Figure 13: Schematic diagram showing the fate of DSFNPs and sequence of events leading to cytotoxicity as revealed by this study. Uptake of the DSFNPs by receptor-mediated endocytosis, their accumulation in lysosomes, lysosomal breakdown, drug entry into mitochondria, the redox events culminating in the killing of brain tumor cells are represented.


Cell lines and cell culture

Human brain cancer cell lines DAOY and T98G were obtained from the American Type Culture Collection (ATCC, Rockville, MD). T98G and DAOY cells were cultured in Dulbecco’s minimum essential medium (DMEM) (Corning) supplemented with 10% fetal bovine serum (Atlanta Biologicals Inc.) and antibiotics. All cells were cultured in a humidified atmosphere with 5% CO2 at 37°C.


Female CD-1 mice, female athymic nude (nu/nu) mice, and the triple immune-deficient NCG (NOD CRISPR Prkdc Il2r gamma) mice were obtained from Charles River Laboratories. All animal procedures were performed according to the Institutional Animal Care and Use Committee (IACUC) guidelines.

Chemicals, antibodies, and other reagents

Disulfiram was purchased from Sigma (St Louis, MO). The m-polyethyleneglycol-polylactic-glycolic acid (mPEG-PLGA) polymers were purchased from Advanced Polymer Materials Inc. (Montreal, Canada). Solvents were purchased form Fisher Scientific. The near-infrared dye, 1,1′,3,3,3′,3′- Hexamethyl indotricarbocyanine iodide (HITC), 2′,7′-dichlorofluorescein diacetate (DCF-DA), chloroquine, cyclosporine A (CSA) and rest of the chemical reagents were purchased from Sigma (St Louis, MO). All antibodies were purchased from Cell Signaling Technology (Danvers, MA). Dihydroethidium (DHE), 4,5-dihydroxy-1,3- benzenedisulfonic acid disodium salt monohydrate (tiron), N-acetyl cysteine (NAC), 3,3′- Di-n-hexyloxacarbocyanine iodide (DiOC6(3)) and carbonyl cyanide 3-chlorophenyl hydrazine (CCCP) were from Thermo Fisher. The concentrations of the above reagents used for the study were 5 μM DHE, 25 μM DCF-DA, 1 mM tiron, 3 mM NAC, 2 nM DiOC6(3), 50 μM CCCP and 5 μM cyclosporine A. Lysotracker, Alexa 488- or 594-conjugated secondary antibodies were from Molecular Probes (Carlsbad, CA).

Preparation of DSF loaded biodegradable PEG-PLGA nanoparticles (DSFNPs)

Single emulsification-solvent evaporation was used to encapsulate DSF into mPEG: PLGA matrix.

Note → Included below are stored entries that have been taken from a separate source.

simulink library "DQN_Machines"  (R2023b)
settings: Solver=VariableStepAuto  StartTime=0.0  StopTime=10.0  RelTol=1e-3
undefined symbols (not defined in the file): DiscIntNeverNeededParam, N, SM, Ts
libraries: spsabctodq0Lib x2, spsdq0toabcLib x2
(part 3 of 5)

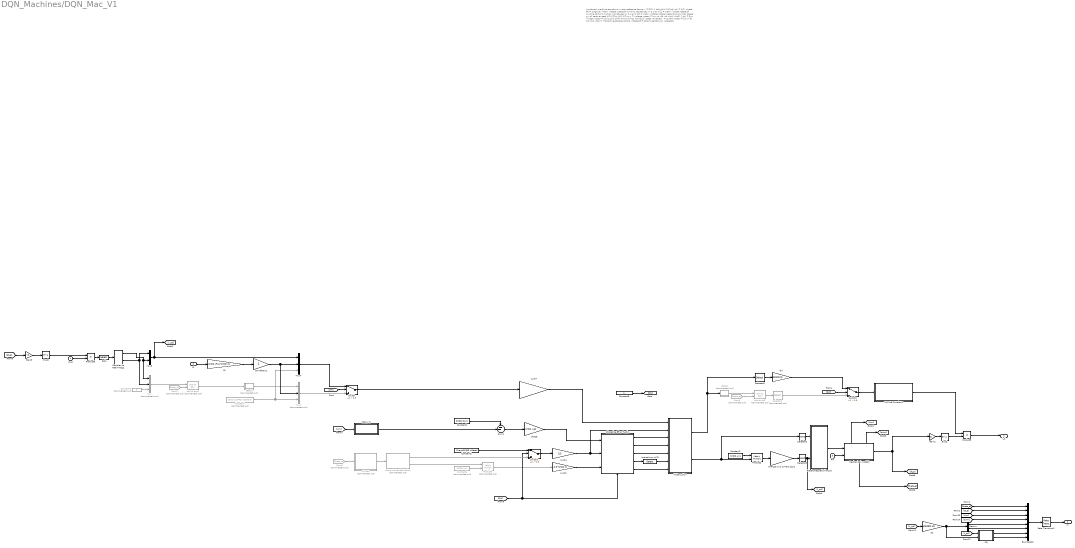
== system DQN_Machines/DQN_Mac_V1 ==
  note: Implement  machine equations in rotor reference frame:
      |   v = [R]*i + dphi/dt + [W]*phi
      | phi = [L]*i
      |
      | where:
      | [R] = diagonal matrix (nState,nState)of winding resistances in d q axis
      | [L] = matrix (nSate,nState)of winding self and mutual inductances in d q axis
      | [W] = matrix (nState,nState) depending on rotor speed wr,
      |       all zeros except W(1,2)=wr  W(2,1)=-wr
      |
      |   v = voltage vector      = [vq   vd   vfd   vkd   vkq1   (vkq2)  ]'
      | phi = flux linkage vector = [phiq phid phifd phikd phikq1 (phikq2)]' (state variables)
      |   i = current vector      = [iq   id   ifd   ikd   ikq1   (ikq2)  ]'
      |
      | if RotorType=Salient-Pole, nState=5
      | if RotorType=Round,        nState=6
  Vs_C : Inport
  Vf : Inport  Port=2
  Pm : Inport  Port=3
  1_Vb1 : Gain  Gain=-0.5*SMRD.Ib  SaturateOnIntegerOverflow=on  OutDataTypeStr=Inherit: Same as input  ParamDataTypeStr=Inherit: Same as input
  1_Vb4 : Gain  Gain=1/3  SaturateOnIntegerOverflow=on  OutDataTypeStr=Inherit: Same as input  ParamDataTypeStr=Inherit: Same as input
  1_Vb7 : Gain  Gain=SMRD.web/SMRD.Vb  SaturateOnIntegerOverflow=on  OutDataTypeStr=Inherit: Same as input  ParamDataTypeStr=Inherit: Same as input
  ABsel2 : Subsystem  Commented=on
  ABsel3 : Subsystem  Commented=on
  Bus Creator : BusCreator  Inputs=8
  Complex to Real-Imag1 : ComplexToRealImag
  Constant : Constant  Commented=on  Value=zeros(1,SMRD.nState-3)
  Constant1 : Constant  Value=SMRD.RLinv
  Constant2 : Constant  Value=3*eye(SMRD.nState)
  Constant4 : Constant  Commented=on  Value=SMRD.Linv
  Constant5 : Constant  Commented=on  Value=0
  Constant7 : Constant  Value=SMRD.Linv
  Constant8 : Constant
  Demux : Demux  Outputs=2
  Discretize BE or Tustin : Subsystem
      settings: PortSchema="{\"entries\":[{\"content\":{\"sides\":[{\"content\":{\"connectorIds\":[\"In1\",\"In2\",\"In3\"]},\"type\":\"ConnectorPlacement.EquallySpacedRectSide\",\"uuid\":\"a6b8bc68-dacc-495a-bf9e-1715fd4ce50f\"},{\"content\":{\"connectorIds\":[\"Out1\",\"Out2\",\"Out3\",\"Out4\",\"Out5\"],\"side\":\"RIGHT\"},\"type\":\"ConnectorPlacement.EquallySpacedRectSide\",\"uuid\":\"950ac892-f5e8-4081-8a8f-99bab3dfce2c\"},{\"content\":{\"side\":\"TOP\"},\"type\":\"ConnectorPlacement.EquallySpacedRectSide\",\"uuid\":\"9af2ed0d-ba89-43cd-9977-15872ca13b39\"},{\"content\":{\"connectorIds\":[\"In4\"],\"side\":\"BOTTOM\"},\"type\":\"ConnectorPlacement.EquallySpacedRectSide\",\"uuid\":\"e70e144b-23c4-40ad-9fe1-8550fd976efc\"}]},\"type\":\"ConnectorPlacement.EquallySpacedConnector\",\"uuid\":\"50b9889c-6d2c-45b1-ad8f-98a7760fa0a3\"}],\"packageUris\":[\"http://schema.mathworks.com/mf0/Connector/R2020b\"],\"version\":\"1.0\"}"
  Electromagnetic Torque : Subsystem
  Exp2 : Math
  Exp3 : Math
  From3 : From  Commented=on  GotoTag=theta_e
  From5 : From  Commented=on  GotoTag=theta_e
  From8 : From  Commented=on  GotoTag=theta_e
  Gain2 : Gain  Gain=1i
  Gain3 : Gain  Gain=-1i
  Ihistory_Flux : Subsystem
  MATLAB Function2 : MATLAB Function  TreatAsAtomicUnit=on  mask{N=SMRD.N}
      mask prompts: N "Harmonic order:"
  Matrix W : Subsystem
      settings: LibrarySourceBlock=spsSynchronousMachineModel/Discrete robust/Matrix W
  Mechanical model1 : Subsystem
      settings: LibrarySourceBlock=spsSynchronousMachineModel/Discrete Pm input trapezoidal  PortSchema="{\"entries\":[{\"content\":{\"sides\":[{\"content\":{\"connectorIds\":[\"In1\",\"In2\"]},\"type\":\"ConnectorPlacement.EquallySpacedRectSide\",\"uuid\":\"2381534f-5abc-4a8d-aa04-ab974f15f8a1\"},{\"content\":{\"connectorIds\":[\"Out1\"],\"side\":\"RIGHT\"},\"type\":\"ConnectorPlacement.EquallySpacedRectSide\",\"uuid\":\"4b91f832-d568-486f-91ee-7f5a07d19f05\"},{\"content\":{\"connectorIds\":[\"Out3\",\"Out4\"],\"side\":\"TOP\"},\"type\":\"ConnectorPlacement.EquallySpacedRectSide\",\"uuid\":\"94f23016-8fd9-49f0-81e0-4b44cc2bc22e\"},{\"content\":{\"connectorIds\":[\"Out2\"],\"side\":\"BOTTOM\"},\"type\":\"ConnectorPlacement.EquallySpacedRectSide\",\"uuid\":\"caf2a10e-4688-4978-a259-17b5afc46c0a\"}]},\"type\":\"ConnectorPlacement.EquallySpacedConnector\",\"uuid\":\"5998548e-4f7b-436e-b4ae-37de4e285cc4\"}],\"packageUris\":[\"http://schema.mathworks.com/mf0/Connector/R2020b\"],\"version\":\"1.0\"}"
  Mux : Mux  Commented=on  Inputs=3
  Mux1 : Mux  Commented=on  Inputs=[2 1 SMRD.nState-3]
  Mux3 : Mux  Inputs=2
  Mux4 : Mux  Inputs=[2 1 SMRD.nState-3]
  N1 : Gain  Gain=SMRD.Vfnp*SMRD.Vb  SaturateOnIntegerOverflow=on  OutDataTypeStr=Inherit: Same as input  ParamDataTypeStr=Inherit: Same as input
  N2 : Gain  Gain=1/SMRD.Vb  SaturateOnIntegerOverflow=on  OutDataTypeStr=Inherit: Same as input  ParamDataTypeStr=Inherit: Same as input
  PQ : Subsystem  AncestorBlock=spsSynchronousMachineModel/Discrete robust/Machine Measurements/PQ
  Product2 : Product  Multiplication=Matrix(*)  SaturateOnIntegerOverflow=on  OutDataTypeStr=Inherit: Same as first input
  Product4 : Product  Commented=on  Multiplication=Matrix(*)  SaturateOnIntegerOverflow=on  OutDataTypeStr=Inherit: Same as first input
  Product5 : Product
  Product6 : Product
  Rate Transition2 : RateTransition  Deterministic=off  OutPortSampleTime=Ts
  SM.VfGain1 : Gain
  Sel1 : Selector  NumberOfDimensions=2  InputPortWidth=3  IndexOptions=Index vector (dialog),Index vector (dialog)  Indices=1,2  OutputSizes=1
  Selector1 : Selector  Commented=on  InputPortWidth=3  IndexOptions=Index vector (dialog)  Indices=[1 2]  OutputSizes=1
  Selector2 : Selector  InputPortWidth=SMRD.nState  IndexOptions=Index vector (dialog)  Indices=[1 2]  OutputSizes=1
  Selector3 : Selector  InputPortWidth=SMRD.nState  IndexOptions=Index vector (dialog)  Indices=[1 2]  OutputSizes=1
  Selector5 : Selector  InputPortWidth=2  IndexOptions=Index vector (dialog)  Indices=[2 1]  OutputSizes=1
  Sum1 : Sum  Inputs=--|  SaturateOnIntegerOverflow=on
  Switch : Switch  Criteria=u2 > Threshold  Threshold=0.5  SaturateOnIntegerOverflow=off  InputSameDT=off
  Switch1 : Switch  Criteria=u2 > Threshold  Threshold=0.5  SaturateOnIntegerOverflow=off  InputSameDT=off
  Switch3 : Switch  Criteria=u2 > Threshold  Threshold=0.5  SaturateOnIntegerOverflow=off  InputSameDT=off
  abc to dq transformation : Subsystem  Commented=on
      settings: LibrarySourceBlock=|
      | spsSynchronousMachineModel/Discrete robust/abc to dq
      | transformation
  abc to dq0 : spsabctodq0Lib/abc to dq0  Commented=on  Alignment=90 degrees behind phase A axis
  change Iq Id current signs : Gain  Gain=SMRD.IqdSign
  dq0 to abc1 : spsdq0toabcLib/dq0 to abc  Commented=on  Alignment=90 degrees behind phase A axis
  ib4 : Gain  Gain=SMRD.Ib  SaturateOnIntegerOverflow=on  OutDataTypeStr=Inherit: Same as input  ParamDataTypeStr=Inherit: Same as input
  last column of D : Selector  NumberOfDimensions=2  InputPortWidth=3  IndexOptions=Index vector (dialog),Index vector (dialog)  Indices=[1:SMRD.nState],3  OutputSizes=1,1
  sin,cos : Subsystem  Commented=on
      settings: LibrarySourceBlock=spsSynchronousMachineModel/Discrete robust/sin,cos
  wbase : Gain  Gain=SMRD.web
  I_C : Outport  VectorParamsAs1DForOutWhenUnconnected=off
  m : Outport  Port=2  VectorParamsAs1DForOutWhenUnconnected=off
  wires:
  Vs_C/1 -> Product6/2  "vd,vq"
  sin,cos/1(sin,cos) -> abc to dq transformation/1(sin,cos)
  1_Vb1/1 -> Discretize BE or Tustin/3(C)
  last column of D/1 -> Ihistory_Flux/6(D(:,3))
  Discretize BE or Tustin/1(Ad) -> Ihistory_Flux/3(Ad)
  Discretize BE or Tustin/4(Dd) -> last column of D/1
  Electromagnetic Torque/1(Te) -> Mechanical model1/1(Te)
  Product2/1 -> change Iq Id current signs/1
  wbase/1 -> Discretize BE or Tustin/1(A)
  Discretize BE or Tustin/5(inv(I_Ts/2*A)) -> Ihistory_Flux/7(inv())
  Discretize BE or Tustin/2(Bd) -> Ihistory_Flux/4(Bd)
  Constant4/1 -> Product4/2  "Linv"
  Matrix W/1("[W]") -> Sum1/2
  Sum1/1 -> wbase/1  "A"
  Product4/1 -> 1_Vb1/1
  Ihistory_Flux/2(phi) -> Product2/2, Selector2/1
  Mechanical model1/2(theta_e) -> [theta_e]
  Mechanical model1/3(we) -> [wm]
  Pm/1 -> Mechanical model1/2(input)
  Constant7/1 -> Product2/1  "Linv"
  Constant2/1 -> Switch1/1
  ABsel3/1(Out1) -> Mux1/1
  Mux1/1 -> Switch/3  "u"
  Constant1/1 -> Sum1/1
  Vf/1 -> N1/1  "Vfd"
  Constant/1 -> Mux1/3, Mux4/3
  SM.VfGain1/1 -> Mux4/2, Mux1/2
  Mux4/1 -> Switch/1  "u"
  N1/1 -> SM.VfGain1/1  "Vfd"
  dq0 to abc1/1 -> ABsel3/1(v)
  abc to dq transformation/2(Ti (2x2)) -> Product4/1
  Switch1/1 -> 1_Vb4/1  "u"
  Ihistory_Flux/1(Ihyst) -> Selector5/1, ABsel2/1(v)  "I(k) = Linv*phi"
  MATLAB Function2/1(Vs_c) -> Product5/1
  Exp2/1 -> Product5/2
  Gain2/1 -> Exp2/1
  Switch/1 -> 1_Vb7/1
  Gain3/1 -> Exp3/1
  [dt_e] -> Gain3/1
  Product6/1 -> Sel1/1
  Exp3/1 -> Product6/1
  Sel1/1 -> Complex to Real-Imag1/1
  Mechanical model1/1(dtheta_e) -> [dt_e], Gain2/1
  Complex to Real-Imag1/2 -> Mux3/1, Mux/2
  Complex to Real-Imag1/1 -> Mux/1, Mux3/2
  Mux3/1 -> [v_qd], Mux4/1
  Switch3/1 -> MATLAB Function2/1(Vdq_vec)
  Mux/1 -> dq0 to abc1/1
  From3/1 -> dq0 to abc1/2
  Constant5/1 -> Mux/3
  1_Vb7/1 -> Ihistory_Flux/1(u)  "u"
  [SW] -> Switch/2
  Constant8/1 -> [SW]
  [SW] -> Switch1/2, Discretize BE or Tustin/4(SW)
  abc to dq transformation/1(Tv (nx3)) -> Switch1/3
  Selector1/1 -> Switch3/3  "Linv"
  [SW] -> Switch3/2
  Selector5/1 -> ib4/1
  abc to dq0/1 -> Selector1/1
  ABsel2/1(I) -> abc to dq0/1
  ib4/1 -> Switch3/1
  From5/1 -> abc to dq0/2
  Product5/1 -> I_C/1
  1_Vb4/1 -> Ihistory_Flux/2(B), Discretize BE or Tustin/2(B)
  [wm] -> Matrix W/1(wr)
  From8/1 -> sin,cos/1(theta)
  Discretize BE or Tustin/3(Cd) -> Ihistory_Flux/5(Cd)
  Bus Creator/1 -> Rate Transition2/1
  [theta_e] -> Bus Creator/1  "Rotor electrical angle  theta (rad)"
  [dt_e] -> Bus Creator/2  "Rotor angle deviation  d_theta (rad)"
  [wm] -> Bus Creator/3  "Rotor speed  wm  (pu)"
  Rate Transition2/1 -> m/1
  [v_qd] -> N2/1
  [i_qd] -> PQ/1(Iqd)
  PQ/1(Peo) -> Bus Creator/7  "Output active power   Peo (pu)"
  PQ/2(Qeo) -> Bus Creator/8  "Output reactive power  Qeo (pu)"
  Mechanical model1/4(dwe) -> [dwm]
  [dwm] -> Bus Creator/4  "Rotor speed deviation  dw (pu)"
  change Iq Id current signs/1 -> Selector3/1
  Selector3/1 -> [i_qd], Electromagnetic Torque/2(iqd)
  Selector2/1 -> Electromagnetic Torque/1(phiqd)
  N2/1 -> PQ/2(Vqd), Demux/1  "Vfd"
  Demux/1 -> Bus Creator/5  "Stator voltage  vq (pu)"
  Demux/2 -> Bus Creator/6  "Stator voltage  vd (pu)"

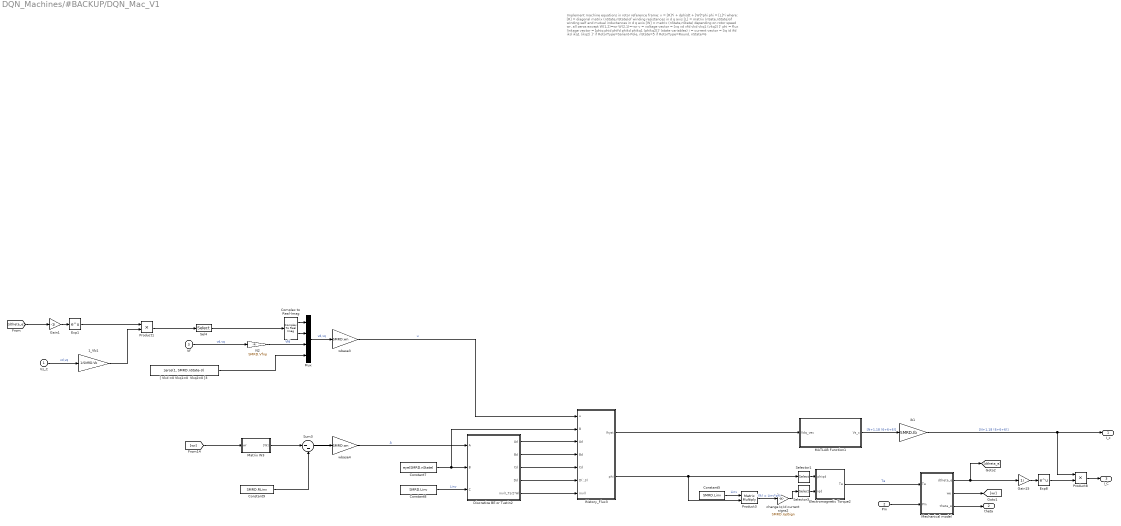
== system DQN_Machines/#BACKUP/DQN_Mac_V1 ==
  note: Implement  machine equations in rotor reference frame:
      |   v = [R]*i + dphi/dt + [W]*phi
      | phi = [L]*i
      |
      | where:
      | [R] = diagonal matrix (nState,nState)of winding resistances in d q axis
      | [L] = matrix (nSate,nState)of winding self and mutual inductances in d q axis
      | [W] = matrix (nState,nState) depending on rotor speed wr,
      |       all zeros except W(1,2)=wr  W(2,1)=-wr
      |
      |   v = voltage vector      = [vq   vd   vfd   vkd   vkq1   (vkq2)  ]'
      | phi = flux linkage vector = [phiq phid phifd phikd phikq1 (phikq2)]' (state variables)
      |   i = current vector      = [iq   id   ifd   ikd   ikq1   (ikq2)  ]'
      |
      | if RotorType=Salient-Pole, nState=5
      | if RotorType=Round,        nState=6
  Vs_C : Inport
  Pm : Inport  Port=2
  Vf : Inport  Port=3
  1_Vb1 : Gain  Gain=1/SMRD.Vb  SaturateOnIntegerOverflow=on  OutDataTypeStr=Inherit: Same as input  ParamDataTypeStr=Inherit: Same as input
  Complex to Real-Imag : ComplexToRealImag
  Constant5 : Constant  Value=SMRD.Linv
  Constant7 : Constant  Value=eye(SMRD.nState)
  Constant8 : Constant  Value=SMRD.Linv
  Constant9 : Constant  Value=SMRD.RLinv
  Discretize BE or Tustin2 : Subsystem  AncestorBlock="spsSynchronousMachineModel/Discrete robust/State Space Model/Discretize  BE or Tustin"
  Electromagnetic Torque2 : Subsystem
  Exp1 : Math
  Exp8 : Math
  Gain1 : Gain  Gain=-1i
  Gain15 : Gain  Gain=1i
  Ihistory_Flux3 : Subsystem  AncestorBlock=spsSynchronousMachineModel/Discrete robust/State Space Model/Ihistory_Flux
  MATLAB Function1 : MATLAB Function  TreatAsAtomicUnit=on  mask{N=SMRD.N}
      mask prompts: N "Harmonic order:"
  Matrix W3 : Subsystem
  Mechanical model : Subsystem
      settings: LibrarySourceBlock=spsSynchronousMachineModel/Discrete Pm input trapezoidal
  Mux : Mux
  N2 : Gain  Gain=SMRD.Vfnp  SaturateOnIntegerOverflow=on  OutDataTypeStr=Inherit: Same as input  ParamDataTypeStr=Inherit: Same as input
  Product1 : Product
  Product3 : Product  Multiplication=Matrix(*)  SaturateOnIntegerOverflow=on  OutDataTypeStr=Inherit: Same as first input
  Product8 : Product
  Sel4 : Selector  NumberOfDimensions=2  InputPortWidth=3  IndexOptions=Index vector (dialog),Index vector (dialog)  Indices=1,2  OutputSizes=1
  Selector1 : Selector  InputPortWidth=SMRD.nState  IndexOptions=Index vector (dialog)  Indices=[1 2]  OutputSizes=1
  Selector3 : Selector  InputPortWidth=SMRD.nState  IndexOptions=Index vector (dialog)  Indices=[1 2]  OutputSizes=1
  Sum3 : Sum  Inputs=|--  SaturateOnIntegerOverflow=on
  "[ Vkd =0 Vkq1=0  Vkq2=0 ]3" : Constant  Value=zeros(1, SMRD.nState-3)
  change Iq Id current signs2 : Gain  Gain=SMRD.IqdSign
  ib1 : Gain  Gain=SMRD.Ib  SaturateOnIntegerOverflow=on  OutDataTypeStr=Inherit: Same as input  ParamDataTypeStr=Inherit: Same as input
  wbase3 : Gain  Gain=SMRD.wn  SaturateOnIntegerOverflow=on  OutDataTypeStr=Inherit: Same as input  ParamDataTypeStr=Inherit: Same as input
  wbase4 : Gain  Gain=SMRD.wn  SaturateOnIntegerOverflow=on  OutDataTypeStr=Inherit: Same as input  ParamDataTypeStr=Inherit: Same as input
  I_c : Outport  VectorParamsAs1DForOutWhenUnconnected=off
  theta : Outport  Port=2  VectorParamsAs1DForOutWhenUnconnected=off
  I_C : Outport  Port=3  VectorParamsAs1DForOutWhenUnconnected=off
  wires:
  Selector3/1 -> Electromagnetic Torque2/2(iqd)
  Constant5/1 -> Product3/1  "Linv"
  Selector1/1 -> Electromagnetic Torque2/1(phiqd)
  Product3/1 -> change Iq Id current signs2/1  "I(k) = Linv*phi"
  Pm/1 -> Mechanical model/2(Pm)
  Electromagnetic Torque2/1(Te) -> Mechanical model/1(Te)  "Te"
  change Iq Id current signs2/1 -> Selector3/1
  MATLAB Function1/1(Vs_c) -> ib1/1  "[N+1,18 (6+6+6)]"
  ib1/1 -> Product8/1, I_c/1  "[N+1,18 (6+6+6)]"
  Sel4/1 -> Complex to Real-Imag/1
  Complex to Real-Imag/2 -> Mux/2
  Complex to Real-Imag/1 -> Mux/1
  N2/1 -> Mux/3  "Vfd"
  Mux/1 -> wbase3/1  "vd,vq"
  Mechanical model/3(theta_e) -> theta/1
  Mechanical model/2(we) -> [wr]
  Vs_C/1 -> 1_Vb1/1  "vd,vq"
  Vf/1 -> N2/1  "vd,vq"
  1_Vb1/1 -> Product1/2
  "[ Vkd =0 Vkq1=0  Vkq2=0 ]3"/1 -> Mux/4
  wbase3/1 -> Ihistory_Flux3/1(u)  "u"
  Discretize BE or Tustin2/4(Dd) -> Ihistory_Flux3/6(D(:,3))
  Discretize BE or Tustin2/5(inv(I_Ts/2*A)) -> Ihistory_Flux3/7(inv())
  Discretize BE or Tustin2/1(Ad) -> Ihistory_Flux3/3(Ad)
  Discretize BE or Tustin2/2(Bd) -> Ihistory_Flux3/4(Bd)
  Discretize BE or Tustin2/3(Cd) -> Ihistory_Flux3/5(Cd)
  Constant7/1 -> Ihistory_Flux3/2(B), Discretize BE or Tustin2/2(B)
  Sum3/1 -> wbase4/1
  Ihistory_Flux3/1(Ihyst) -> MATLAB Function1/1(Vdq_vec)
  Constant8/1 -> Discretize BE or Tustin2/3(C)  "Linv"
  [wr] -> Matrix W3/1(wr)
  Matrix W3/1("[W]") -> Sum3/1
  Constant9/1 -> Sum3/2
  wbase4/1 -> Discretize BE or Tustin2/1(A)  "A"
  Ihistory_Flux3/2(phi) -> Selector1/1, Product3/2
  Gain15/1 -> Exp8/1
  Product8/1 -> I_C/1
  Exp8/1 -> Product8/2
  Gain1/1 -> Exp1/1
  Exp1/1 -> Product1/1
  Product1/1 -> Sel4/1
  Mechanical model/1(dtheta_e) -> [dtheta_e], Gain15/1
  [dtheta_e] -> Gain1/1

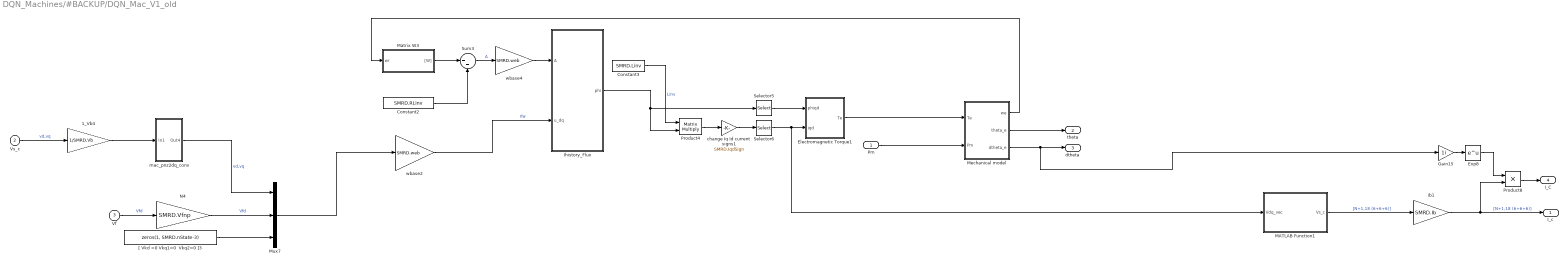
== system DQN_Machines/#BACKUP/DQN_Mac_V1_old ==
  Pm : Inport
  Vs_c : Inport  Port=2
  Vf : Inport  Port=3
  1_Vb4 : Gain  Gain=1/SMRD.Vb  SaturateOnIntegerOverflow=on  OutDataTypeStr=Inherit: Same as input  ParamDataTypeStr=Inherit: Same as input
  Constant2 : Constant  Value=SMRD.RLinv
  Constant3 : Constant  Value=SMRD.Linv
  Electromagnetic Torque1 : Subsystem
  Exp8 : Math
  Gain15 : Gain  Gain=1i
  Ihistory_Flux : Subsystem
  MATLAB Function1 : MATLAB Function  TreatAsAtomicUnit=on  mask{N=HRM}
      mask prompts: N "Harmonic order:"
  Matrix W3 : Subsystem  AncestorBlock=spsSynchronousMachineModel/Discrete robust/Matrix W
  Mechanical model : Subsystem  AncestorBlock=spsSynchronousMachineModel/Discrete Pm input trapezoidal
  Mux7 : Mux  Inputs="[ 2, 1,  (SMRD.nState-3) ]"
  N4 : Gain  Gain=SMRD.Vfnp  SaturateOnIntegerOverflow=on  OutDataTypeStr=Inherit: Same as input  ParamDataTypeStr=Inherit: Same as input
  Product4 : Product  Multiplication=Matrix(*)  SaturateOnIntegerOverflow=on  OutDataTypeStr=Inherit: Same as first input
  Product8 : Product
  Selector5 : Selector  InputPortWidth=SMRD.nState  IndexOptions=Index vector (dialog)  Indices=[1 2]  OutputSizes=1
  Selector6 : Selector  InputPortWidth=SMRD.nState  IndexOptions=Index vector (dialog)  Indices=[1 2]  OutputSizes=1
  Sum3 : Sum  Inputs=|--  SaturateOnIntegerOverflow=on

Nanoparticles formulated in this way contain hydrophobic PLGA as a core and hydrophilic PEG on the surface.

Both disulfiram and polymer were dissolved in acetone, which serves as the dispersed phase. Aqueous phase with or without surfactant was added to the organic phase, dropwise with constant stirring. Stirring was continued to evaporate the organic phase, followed by centrifugation at 30,000 rpm for 45 min to recover the nanoparticles. The pellet obtained was washed and resuspended in distilled water and the nanoparticles were then lyophilized for 48 h. The resulting nanoparticles were stored at 4°C.

Blank nanoparticles were formulated similarly without adding the drug. HITC-iodide, a NIR dye, loaded nanoparticles were also generated in a similar manner by the addition of dye.

Optimization of formulation

The solvent evaporation technique (process), as well as the ingredients and their composition (formulation), has many variables, and we evaluated them keeping the low particle size, polydispersity index below 0.3 and high entrapment efficiency as the quality attributes. The process variables such as sonication, the speed of homogenization, evaporation time and centrifugation time, etc., were investigated first and the optimized parameters were used further. The formulation variables such as solvent, polymer molecular weight, surfactant, drug/polymer ratio and organic/aqueous phase ratio were taken into consideration and thoroughly investigated by changing one of them at a time while keeping the rest constant. The design of experiments and the effect of various variables on the particle size, PDI and entrapment efficiency are listed in the Supplementary Table 2.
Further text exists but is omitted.